Подруги просто перестали приходить, и все. Дома теперь иногда пела только радиоточка, трезвая, скучная, обитающая, словно в насмешку, тоже на кухне. Потом отец встал на табуретку – потолки были высоченные даже для него – и выключил навеки. И сразу стало тихо. Очень, очень надолго.
Потом прекратились поездки летом на дачу. Прежде снимали полдома в деревне, уезжали с матерью на нанятой полуторке, с вещами, счастливые, свободные, бездельные. Или это только так казалось? Огарев сидел в огромной кабине, следил разинув рот за каждым поворотом оплетенного изолентой руля.
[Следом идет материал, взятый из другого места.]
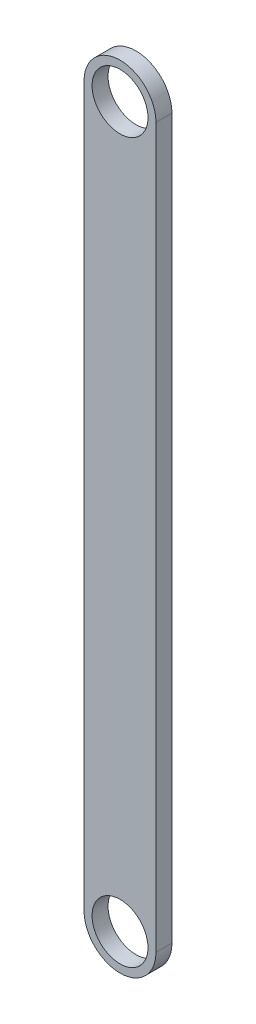
ISO-10303-21;
HEADER;
FILE_DESCRIPTION(('STEP AP214'),'2;1');
FILE_NAME('part.step','',(''),(''),'','','');
FILE_SCHEMA(('AUTOMOTIVE_DESIGN { 1 0 10303 214 1 1 1 1 }'));
ENDSEC;
DATA;
#1=APPLICATION_CONTEXT('core data for automotive mechanical design processes');
#2=APPLICATION_PROTOCOL_DEFINITION('international standard','automotive_design',2000,#1);
#3=PRODUCT_CONTEXT('',#1,'mechanical');
#4=PRODUCT('Part','Part','',(#3));
#5=PRODUCT_RELATED_PRODUCT_CATEGORY('part','',(#4));
#6=PRODUCT_DEFINITION_FORMATION('','',#4);
#7=PRODUCT_DEFINITION_CONTEXT('part definition',#1,'design');
#8=PRODUCT_DEFINITION('design','',#6,#7);
#9=PRODUCT_DEFINITION_SHAPE('','',#8);
#10=(LENGTH_UNIT() NAMED_UNIT(*) SI_UNIT(.MILLI.,.METRE.));
#11=(NAMED_UNIT(*) PLANE_ANGLE_UNIT() SI_UNIT($,.RADIAN.));
#12=(NAMED_UNIT(*) SI_UNIT($,.STERADIAN.) SOLID_ANGLE_UNIT());
#13=UNCERTAINTY_MEASURE_WITH_UNIT(LENGTH_MEASURE(1.E-05),#10,'distance_accuracy_value','');
#14=(GEOMETRIC_REPRESENTATION_CONTEXT(3) GLOBAL_UNCERTAINTY_ASSIGNED_CONTEXT((#13)) GLOBAL_UNIT_ASSIGNED_CONTEXT((#10,
#11,#12)) REPRESENTATION_CONTEXT('',''));
#15=CARTESIAN_POINT('',(0.,0.,0.));
#16=DIRECTION('',(0.,0.,1.));
#17=DIRECTION('',(1.,0.,0.));
#18=AXIS2_PLACEMENT_3D('',#15,#16,#17);
#19=CARTESIAN_POINT('',(0.,-1143.,25.4));
#20=DIRECTION('',(0.,0.,1.));
#21=DIRECTION('',(1.,0.,0.));
#22=AXIS2_PLACEMENT_3D('',#19,#20,#21);
#23=PLANE('',#22);
#24=CARTESIAN_POINT('',(0.,1143.,25.4));
#25=DIRECTION('',(0.,0.,1.));
#26=DIRECTION('',(1.,0.,0.));
#27=AXIS2_PLACEMENT_3D('',#24,#25,#26);
#28=CIRCLE('',#27,88.9);
#29=CARTESIAN_POINT('',(88.9,1143.,25.4));
#30=VERTEX_POINT('',#29);
#31=EDGE_CURVE('E99',#30,#30,#28,.T.);
#32=ORIENTED_EDGE('',*,*,#31,.F.);
#33=EDGE_LOOP('',(#32));
#34=FACE_BOUND('',#33,.T.);
#35=CARTESIAN_POINT('',(0.,-1143.,25.4));
#36=DIRECTION('',(0.,0.,1.));
#37=DIRECTION('',(1.,0.,0.));
#38=AXIS2_PLACEMENT_3D('',#35,#36,#37);
#39=CIRCLE('',#38,114.3);
#40=CARTESIAN_POINT('',(-114.3,-1143.,25.4));
#41=VERTEX_POINT('',#40);
#42=CARTESIAN_POINT('',(114.3,-1143.,25.4));
#43=VERTEX_POINT('',#42);
#44=EDGE_CURVE('E84',#41,#43,#39,.T.);
#45=ORIENTED_EDGE('',*,*,#44,.T.);
#46=DIRECTION('',(0.,1.,0.));
#47=VECTOR('',#46,1.);
#48=CARTESIAN_POINT('',(114.3,-1143.,25.4));
#49=LINE('',#48,#47);
#50=CARTESIAN_POINT('',(114.3,1143.,25.4));
#51=VERTEX_POINT('',#50);
#52=EDGE_CURVE('E79',#43,#51,#49,.T.);
#53=ORIENTED_EDGE('',*,*,#52,.T.);
#54=CARTESIAN_POINT('',(0.,1143.,25.4));
#55=DIRECTION('',(0.,0.,1.));
#56=DIRECTION('',(1.,0.,0.));
#57=AXIS2_PLACEMENT_3D('',#54,#55,#56);
#58=CIRCLE('',#57,114.3);
#59=CARTESIAN_POINT('',(-114.3,1143.,25.4));
#60=VERTEX_POINT('',#59);
#61=EDGE_CURVE('E82',#51,#60,#58,.T.);
#62=ORIENTED_EDGE('',*,*,#61,.T.);
#63=DIRECTION('',(0.,-1.,0.));
#64=VECTOR('',#63,1.);
#65=CARTESIAN_POINT('',(-114.3,-1143.,25.4));
#66=LINE('',#65,#64);
#67=EDGE_CURVE('E49',#60,#41,#66,.T.);
#68=ORIENTED_EDGE('',*,*,#67,.T.);
#69=EDGE_LOOP('',(#45,#53,#62,#68));
#70=FACE_BOUND('',#69,.T.);
#71=CARTESIAN_POINT('',(0.,-1143.,25.4));
#72=DIRECTION('',(0.,0.,1.));
#73=DIRECTION('',(1.,0.,0.));
#74=AXIS2_PLACEMENT_3D('',#71,#72,#73);
#75=CIRCLE('',#74,88.8999999999999);
#76=CARTESIAN_POINT('',(88.8999999999999,-1143.,25.4));
#77=VERTEX_POINT('',#76);
#78=EDGE_CURVE('E114',#77,#77,#75,.T.);
#79=ORIENTED_EDGE('',*,*,#78,.F.);
#80=EDGE_LOOP('',(#79));
#81=FACE_BOUND('',#80,.T.);
#82=ADVANCED_FACE('F32',(#34,#70,#81),#23,.T.);
#83=CARTESIAN_POINT('',(0.,-1143.,-25.4));
#84=DIRECTION('',(0.,0.,1.));
#85=DIRECTION('',(1.,0.,0.));
#86=AXIS2_PLACEMENT_3D('',#83,#84,#85);
#87=PLANE('',#86);
#88=CARTESIAN_POINT('',(0.,-1143.,-25.4));
#89=DIRECTION('',(0.,0.,1.));
#90=DIRECTION('',(1.,0.,0.));
#91=AXIS2_PLACEMENT_3D('',#88,#89,#90);
#92=CIRCLE('',#91,114.3);
#93=CARTESIAN_POINT('',(-114.3,-1143.,-25.4));
#94=VERTEX_POINT('',#93);
#95=CARTESIAN_POINT('',(114.3,-1143.,-25.4));
#96=VERTEX_POINT('',#95);
#97=EDGE_CURVE('E96',#94,#96,#92,.T.);
#98=ORIENTED_EDGE('',*,*,#97,.F.);
#99=DIRECTION('',(0.,-1.,0.));
#100=VECTOR('',#99,1.);
#101=CARTESIAN_POINT('',(-114.3,-1143.,-25.4));
#102=LINE('',#101,#100);
#103=CARTESIAN_POINT('',(-114.3,1143.,-25.4));
#104=VERTEX_POINT('',#103);
#105=EDGE_CURVE('E72',#104,#94,#102,.T.);
#106=ORIENTED_EDGE('',*,*,#105,.F.);
#107=CARTESIAN_POINT('',(0.,1143.,-25.4));
#108=DIRECTION('',(0.,0.,1.));
#109=DIRECTION('',(1.,0.,0.));
#110=AXIS2_PLACEMENT_3D('',#107,#108,#109);
#111=CIRCLE('',#110,114.3);
#112=CARTESIAN_POINT('',(114.3,1143.,-25.4));
#113=VERTEX_POINT('',#112);
#114=EDGE_CURVE('E66',#113,#104,#111,.T.);
#115=ORIENTED_EDGE('',*,*,#114,.F.);
#116=DIRECTION('',(0.,1.,0.));
#117=VECTOR('',#116,1.);
#118=CARTESIAN_POINT('',(114.3,-1143.,-25.4));
#119=LINE('',#118,#117);
#120=EDGE_CURVE('E88',#96,#113,#119,.T.);
#121=ORIENTED_EDGE('',*,*,#120,.F.);
#122=EDGE_LOOP('',(#98,#106,#115,#121));
#123=FACE_BOUND('',#122,.T.);
#124=CARTESIAN_POINT('',(0.,1143.,-25.4));
#125=DIRECTION('',(0.,0.,1.));
#126=DIRECTION('',(1.,0.,0.));
#127=AXIS2_PLACEMENT_3D('',#124,#125,#126);
#128=CIRCLE('',#127,88.9);
#129=CARTESIAN_POINT('',(88.9,1143.,-25.4));
#130=VERTEX_POINT('',#129);
#131=EDGE_CURVE('E111',#130,#130,#128,.T.);
#132=ORIENTED_EDGE('',*,*,#131,.T.);
#133=EDGE_LOOP('',(#132));
#134=FACE_BOUND('',#133,.T.);
#135=CARTESIAN_POINT('',(0.,-1143.,-25.4));
#136=DIRECTION('',(0.,0.,1.));
#137=DIRECTION('',(1.,0.,0.));
#138=AXIS2_PLACEMENT_3D('',#135,#136,#137);
#139=CIRCLE('',#138,88.8999999999999);
#140=CARTESIAN_POINT('',(88.8999999999999,-1143.,-25.4));
#141=VERTEX_POINT('',#140);
#142=EDGE_CURVE('E117',#141,#141,#139,.T.);
#143=ORIENTED_EDGE('',*,*,#142,.T.);
#144=EDGE_LOOP('',(#143));
#145=FACE_BOUND('',#144,.T.);
#146=ADVANCED_FACE('F107',(#123,#134,#145),#87,.F.);
#147=CARTESIAN_POINT('',(0.,-1143.,25.4));
#148=DIRECTION('',(0.,0.,-1.));
#149=DIRECTION('',(-1.,0.,0.));
#150=AXIS2_PLACEMENT_3D('',#147,#148,#149);
#151=CYLINDRICAL_SURFACE('',#150,114.3);
#152=ORIENTED_EDGE('',*,*,#97,.T.);
#153=DIRECTION('',(0.,0.,-1.));
#154=VECTOR('',#153,1.);
#155=CARTESIAN_POINT('',(114.3,-1143.,25.4));
#156=LINE('',#155,#154);
#157=EDGE_CURVE('E11',#43,#96,#156,.T.);
#158=ORIENTED_EDGE('',*,*,#157,.F.);
#159=ORIENTED_EDGE('',*,*,#44,.F.);
#160=DIRECTION('',(0.,0.,-1.));
#161=VECTOR('',#160,1.);
#162=CARTESIAN_POINT('',(-114.3,-1143.,25.4));
#163=LINE('',#162,#161);
#164=EDGE_CURVE('E92',#41,#94,#163,.T.);
#165=ORIENTED_EDGE('',*,*,#164,.T.);
#166=EDGE_LOOP('',(#152,#158,#159,#165));
#167=FACE_BOUND('',#166,.T.);
#168=ADVANCED_FACE('F34',(#167),#151,.T.);
#169=CARTESIAN_POINT('',(114.3,-1143.,25.4));
#170=DIRECTION('',(-1.,0.,0.));
#171=DIRECTION('',(0.,0.,1.));
#172=AXIS2_PLACEMENT_3D('',#169,#170,#171);
#173=PLANE('',#172);
#174=ORIENTED_EDGE('',*,*,#120,.T.);
#175=DIRECTION('',(0.,0.,-1.));
#176=VECTOR('',#175,1.);
#177=CARTESIAN_POINT('',(114.3,1143.,25.4));
#178=LINE('',#177,#176);
#179=EDGE_CURVE('E41',#51,#113,#178,.T.);
#180=ORIENTED_EDGE('',*,*,#179,.F.);
#181=ORIENTED_EDGE('',*,*,#52,.F.);
#182=ORIENTED_EDGE('',*,*,#157,.T.);
#183=EDGE_LOOP('',(#174,#180,#181,#182));
#184=FACE_BOUND('',#183,.T.);
#185=ADVANCED_FACE('F87',(#184),#173,.F.);
#186=CARTESIAN_POINT('',(0.,1143.,25.4));
#187=DIRECTION('',(0.,0.,-1.));
#188=DIRECTION('',(-1.,0.,0.));
#189=AXIS2_PLACEMENT_3D('',#186,#187,#188);
#190=CYLINDRICAL_SURFACE('',#189,114.3);
#191=ORIENTED_EDGE('',*,*,#114,.T.);
#192=DIRECTION('',(0.,0.,-1.));
#193=VECTOR('',#192,1.);
#194=CARTESIAN_POINT('',(-114.3,1143.,25.4));
#195=LINE('',#194,#193);
#196=EDGE_CURVE('E89',#60,#104,#195,.T.);
#197=ORIENTED_EDGE('',*,*,#196,.F.);
#198=ORIENTED_EDGE('',*,*,#61,.F.);
#199=ORIENTED_EDGE('',*,*,#179,.T.);
#200=EDGE_LOOP('',(#191,#197,#198,#199));
#201=FACE_BOUND('',#200,.T.);
#202=ADVANCED_FACE('F90',(#201),#190,.T.);
#203=CARTESIAN_POINT('',(-114.3,-1143.,25.4));
#204=DIRECTION('',(1.,0.,0.));
#205=DIRECTION('',(0.,0.,-1.));
#206=AXIS2_PLACEMENT_3D('',#203,#204,#205);
#207=PLANE('',#206);
#208=ORIENTED_EDGE('',*,*,#105,.T.);
#209=ORIENTED_EDGE('',*,*,#164,.F.);
#210=ORIENTED_EDGE('',*,*,#67,.F.);
#211=ORIENTED_EDGE('',*,*,#196,.T.);
#212=EDGE_LOOP('',(#208,#209,#210,#211));
#213=FACE_BOUND('',#212,.T.);
#214=ADVANCED_FACE('F104',(#213),#207,.F.);
#215=CARTESIAN_POINT('',(0.,1143.,25.4));
#216=DIRECTION('',(0.,0.,-1.));
#217=DIRECTION('',(-1.,0.,0.));
#218=AXIS2_PLACEMENT_3D('',#215,#216,#217);
#219=CYLINDRICAL_SURFACE('',#218,88.9);
#220=ORIENTED_EDGE('',*,*,#31,.T.);
#221=EDGE_LOOP('',(#220));
#222=FACE_BOUND('',#221,.T.);
#223=ORIENTED_EDGE('',*,*,#131,.F.);
#224=EDGE_LOOP('',(#223));
#225=FACE_BOUND('',#224,.T.);
#226=ADVANCED_FACE('F134',(#222,#225),#219,.F.);
#227=CARTESIAN_POINT('',(0.,-1143.,25.4));
#228=DIRECTION('',(0.,0.,-1.));
#229=DIRECTION('',(-1.,0.,0.));
#230=AXIS2_PLACEMENT_3D('',#227,#228,#229);
#231=CYLINDRICAL_SURFACE('',#230,88.8999999999999);
#232=ORIENTED_EDGE('',*,*,#78,.T.);
#233=EDGE_LOOP('',(#232));
#234=FACE_BOUND('',#233,.T.);
#235=ORIENTED_EDGE('',*,*,#142,.F.);
#236=EDGE_LOOP('',(#235));
#237=FACE_BOUND('',#236,.T.);
#238=ADVANCED_FACE('F123',(#234,#237),#231,.F.);
#239=CLOSED_SHELL('',(#82,#146,#168,#185,#202,#214,#226,#238));
#240=MANIFOLD_SOLID_BREP('B2',#239);
#241=ADVANCED_BREP_SHAPE_REPRESENTATION('',(#18,#240),#14);
#242=SHAPE_DEFINITION_REPRESENTATION(#9,#241);
ENDSEC;
END-ISO-10303-21;

Вот руль застрял в памяти навсегда. А все остальное – упругую струю воды из колонки, деревянный щелястый коробок сортира, сочные лопухи, в одну ночь, словно по волшебству, поспевающие вишни – вспоминал все реже и с трудом, словно совсем уже сказочные детские небылицы. Отец приезжал на дачу раз в месяц. На выходные. Копался, раздевшись по пояс, в чужом огороде, без малейших усилий втыкая в небогатую подмосковную землю лезвие штыковой лопаты. Вывернутый сырой пласт был поровну пронизан червями и корнями, одинаково бледными, слабыми, неживыми. Помнил о смерти. Огарев подсматривал из малинника, тоже бледного, подмосковного, негустого, – ягоды висели над его головой, каждая кропотливо собрана из кисловатых полупрозрачных бусин. Поймать губами, сжать, проглотить. Сделать своим.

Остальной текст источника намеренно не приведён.